── Information provided ──
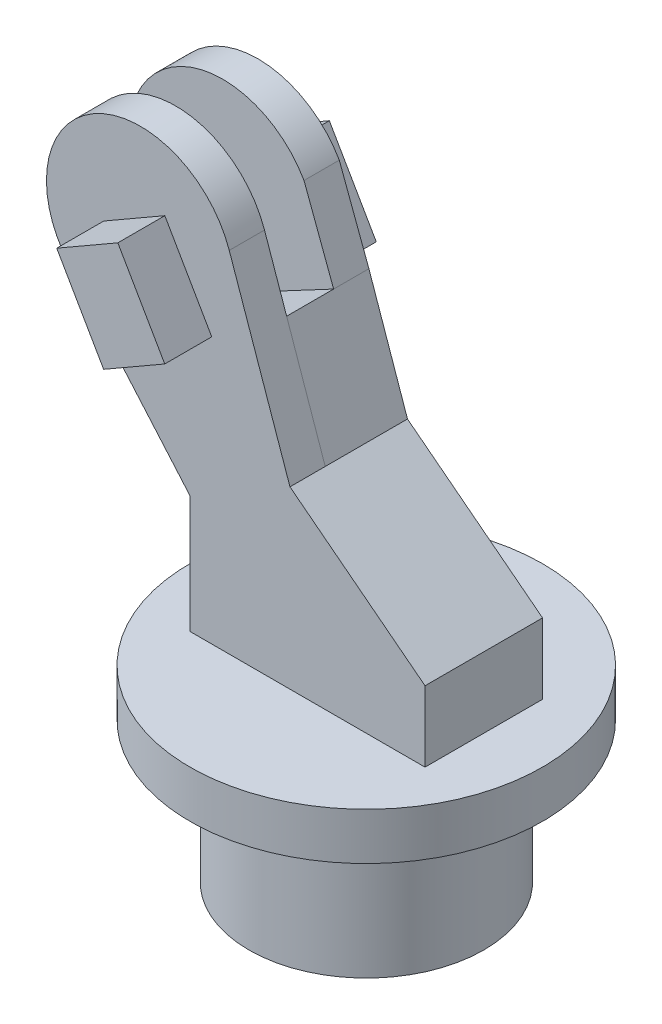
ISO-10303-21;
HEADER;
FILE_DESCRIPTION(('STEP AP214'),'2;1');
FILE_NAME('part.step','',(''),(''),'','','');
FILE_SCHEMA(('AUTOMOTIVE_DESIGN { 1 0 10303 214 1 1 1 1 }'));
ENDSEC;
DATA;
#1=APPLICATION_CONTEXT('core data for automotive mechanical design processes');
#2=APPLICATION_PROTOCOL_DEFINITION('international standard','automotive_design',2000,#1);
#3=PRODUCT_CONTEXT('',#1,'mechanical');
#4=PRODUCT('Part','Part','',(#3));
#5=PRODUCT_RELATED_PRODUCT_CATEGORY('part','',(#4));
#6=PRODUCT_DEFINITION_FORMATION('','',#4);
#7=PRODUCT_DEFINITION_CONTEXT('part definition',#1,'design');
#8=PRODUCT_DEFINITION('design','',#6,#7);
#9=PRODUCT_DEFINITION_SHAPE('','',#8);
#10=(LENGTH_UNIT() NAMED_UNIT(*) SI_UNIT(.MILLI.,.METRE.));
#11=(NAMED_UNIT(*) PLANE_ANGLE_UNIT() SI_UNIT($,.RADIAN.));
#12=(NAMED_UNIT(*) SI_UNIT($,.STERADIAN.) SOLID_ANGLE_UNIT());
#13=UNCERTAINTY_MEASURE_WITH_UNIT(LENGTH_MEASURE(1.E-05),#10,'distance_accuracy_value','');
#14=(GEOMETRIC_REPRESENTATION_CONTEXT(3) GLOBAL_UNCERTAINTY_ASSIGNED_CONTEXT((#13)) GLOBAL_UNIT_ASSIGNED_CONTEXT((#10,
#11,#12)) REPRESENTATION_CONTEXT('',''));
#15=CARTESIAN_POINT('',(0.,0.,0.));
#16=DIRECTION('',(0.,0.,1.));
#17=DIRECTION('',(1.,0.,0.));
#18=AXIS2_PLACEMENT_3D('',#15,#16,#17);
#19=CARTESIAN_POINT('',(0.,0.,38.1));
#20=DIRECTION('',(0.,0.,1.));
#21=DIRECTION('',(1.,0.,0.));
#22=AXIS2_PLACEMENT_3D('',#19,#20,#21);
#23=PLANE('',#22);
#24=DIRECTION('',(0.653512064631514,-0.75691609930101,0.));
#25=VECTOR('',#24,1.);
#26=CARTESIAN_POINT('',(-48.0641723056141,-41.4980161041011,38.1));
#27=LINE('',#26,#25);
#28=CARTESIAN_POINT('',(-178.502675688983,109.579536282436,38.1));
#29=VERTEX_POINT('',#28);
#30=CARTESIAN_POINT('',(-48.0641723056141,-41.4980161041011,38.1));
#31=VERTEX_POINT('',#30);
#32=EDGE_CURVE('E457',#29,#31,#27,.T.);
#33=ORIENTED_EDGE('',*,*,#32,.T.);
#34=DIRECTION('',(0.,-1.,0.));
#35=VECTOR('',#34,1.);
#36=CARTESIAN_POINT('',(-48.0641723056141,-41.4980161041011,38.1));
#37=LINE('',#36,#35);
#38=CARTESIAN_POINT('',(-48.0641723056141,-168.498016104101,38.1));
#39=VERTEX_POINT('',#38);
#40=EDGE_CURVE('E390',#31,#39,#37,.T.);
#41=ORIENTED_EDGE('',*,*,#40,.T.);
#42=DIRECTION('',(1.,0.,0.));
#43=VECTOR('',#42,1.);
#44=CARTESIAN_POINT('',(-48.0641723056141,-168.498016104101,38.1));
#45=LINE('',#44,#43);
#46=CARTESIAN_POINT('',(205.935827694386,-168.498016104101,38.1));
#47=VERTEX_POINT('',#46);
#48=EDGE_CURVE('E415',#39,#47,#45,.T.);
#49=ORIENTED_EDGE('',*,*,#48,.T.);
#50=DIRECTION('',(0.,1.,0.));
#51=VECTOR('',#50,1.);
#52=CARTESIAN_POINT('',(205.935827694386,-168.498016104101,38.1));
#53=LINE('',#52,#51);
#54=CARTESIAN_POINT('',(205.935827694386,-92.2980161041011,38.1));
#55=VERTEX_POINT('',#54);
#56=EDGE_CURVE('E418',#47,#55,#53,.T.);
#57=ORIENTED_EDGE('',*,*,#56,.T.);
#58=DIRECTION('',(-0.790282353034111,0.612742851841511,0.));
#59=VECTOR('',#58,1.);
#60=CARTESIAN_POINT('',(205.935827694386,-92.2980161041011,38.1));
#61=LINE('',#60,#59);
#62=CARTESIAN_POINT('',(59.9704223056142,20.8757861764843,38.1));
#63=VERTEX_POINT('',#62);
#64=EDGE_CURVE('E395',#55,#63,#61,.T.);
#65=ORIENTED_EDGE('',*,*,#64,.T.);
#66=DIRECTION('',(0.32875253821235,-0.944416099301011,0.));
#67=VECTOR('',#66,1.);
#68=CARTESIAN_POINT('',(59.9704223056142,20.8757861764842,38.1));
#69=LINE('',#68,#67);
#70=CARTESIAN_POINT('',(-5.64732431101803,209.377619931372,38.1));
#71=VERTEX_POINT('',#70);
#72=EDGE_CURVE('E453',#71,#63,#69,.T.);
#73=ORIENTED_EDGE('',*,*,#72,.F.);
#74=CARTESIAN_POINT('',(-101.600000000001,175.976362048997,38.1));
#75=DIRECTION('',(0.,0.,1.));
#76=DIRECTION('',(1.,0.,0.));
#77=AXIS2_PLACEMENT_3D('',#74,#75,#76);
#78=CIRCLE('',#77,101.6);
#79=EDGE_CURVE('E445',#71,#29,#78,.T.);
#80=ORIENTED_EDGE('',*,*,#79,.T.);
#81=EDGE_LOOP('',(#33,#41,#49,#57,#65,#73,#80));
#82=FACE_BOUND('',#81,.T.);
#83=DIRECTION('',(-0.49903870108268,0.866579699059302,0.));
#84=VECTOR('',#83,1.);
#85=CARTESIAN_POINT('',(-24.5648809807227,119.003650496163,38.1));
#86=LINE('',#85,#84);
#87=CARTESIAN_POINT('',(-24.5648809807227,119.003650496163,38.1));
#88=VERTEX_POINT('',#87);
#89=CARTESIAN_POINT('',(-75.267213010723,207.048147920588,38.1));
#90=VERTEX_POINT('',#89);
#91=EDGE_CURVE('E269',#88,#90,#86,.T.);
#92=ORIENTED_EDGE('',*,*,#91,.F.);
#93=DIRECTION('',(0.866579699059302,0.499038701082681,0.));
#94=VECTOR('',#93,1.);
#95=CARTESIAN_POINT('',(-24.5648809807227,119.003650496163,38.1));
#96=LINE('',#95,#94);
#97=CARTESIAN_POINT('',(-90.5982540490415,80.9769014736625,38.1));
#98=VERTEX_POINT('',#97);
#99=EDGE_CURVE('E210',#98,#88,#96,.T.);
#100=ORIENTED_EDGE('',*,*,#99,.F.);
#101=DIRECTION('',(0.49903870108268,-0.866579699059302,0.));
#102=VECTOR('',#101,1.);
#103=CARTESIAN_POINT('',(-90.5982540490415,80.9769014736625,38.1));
───
◆ **Your task**: Only the lines from the start of the records to the one containing "#7=PRODUCT_DEFINITION_CONTEXT('part definition',#1,'design');" should be repeated, exactly and with both ends kept; drop any pictures.

◆ **Exercise answer**:
ISO-10303-21;
HEADER;
FILE_DESCRIPTION(('STEP AP214'),'2;1');
FILE_NAME('part.step','',(''),(''),'','','');
FILE_SCHEMA(('AUTOMOTIVE_DESIGN { 1 0 10303 214 1 1 1 1 }'));
ENDSEC;
DATA;
#1=APPLICATION_CONTEXT('core data for automotive mechanical design processes');
#2=APPLICATION_PROTOCOL_DEFINITION('international standard','automotive_design',2000,#1);
#3=PRODUCT_CONTEXT('',#1,'mechanical');
#4=PRODUCT('Part','Part','',(#3));
#5=PRODUCT_RELATED_PRODUCT_CATEGORY('part','',(#4));
#6=PRODUCT_DEFINITION_FORMATION('','',#4);
#7=PRODUCT_DEFINITION_CONTEXT('part definition',#1,'design');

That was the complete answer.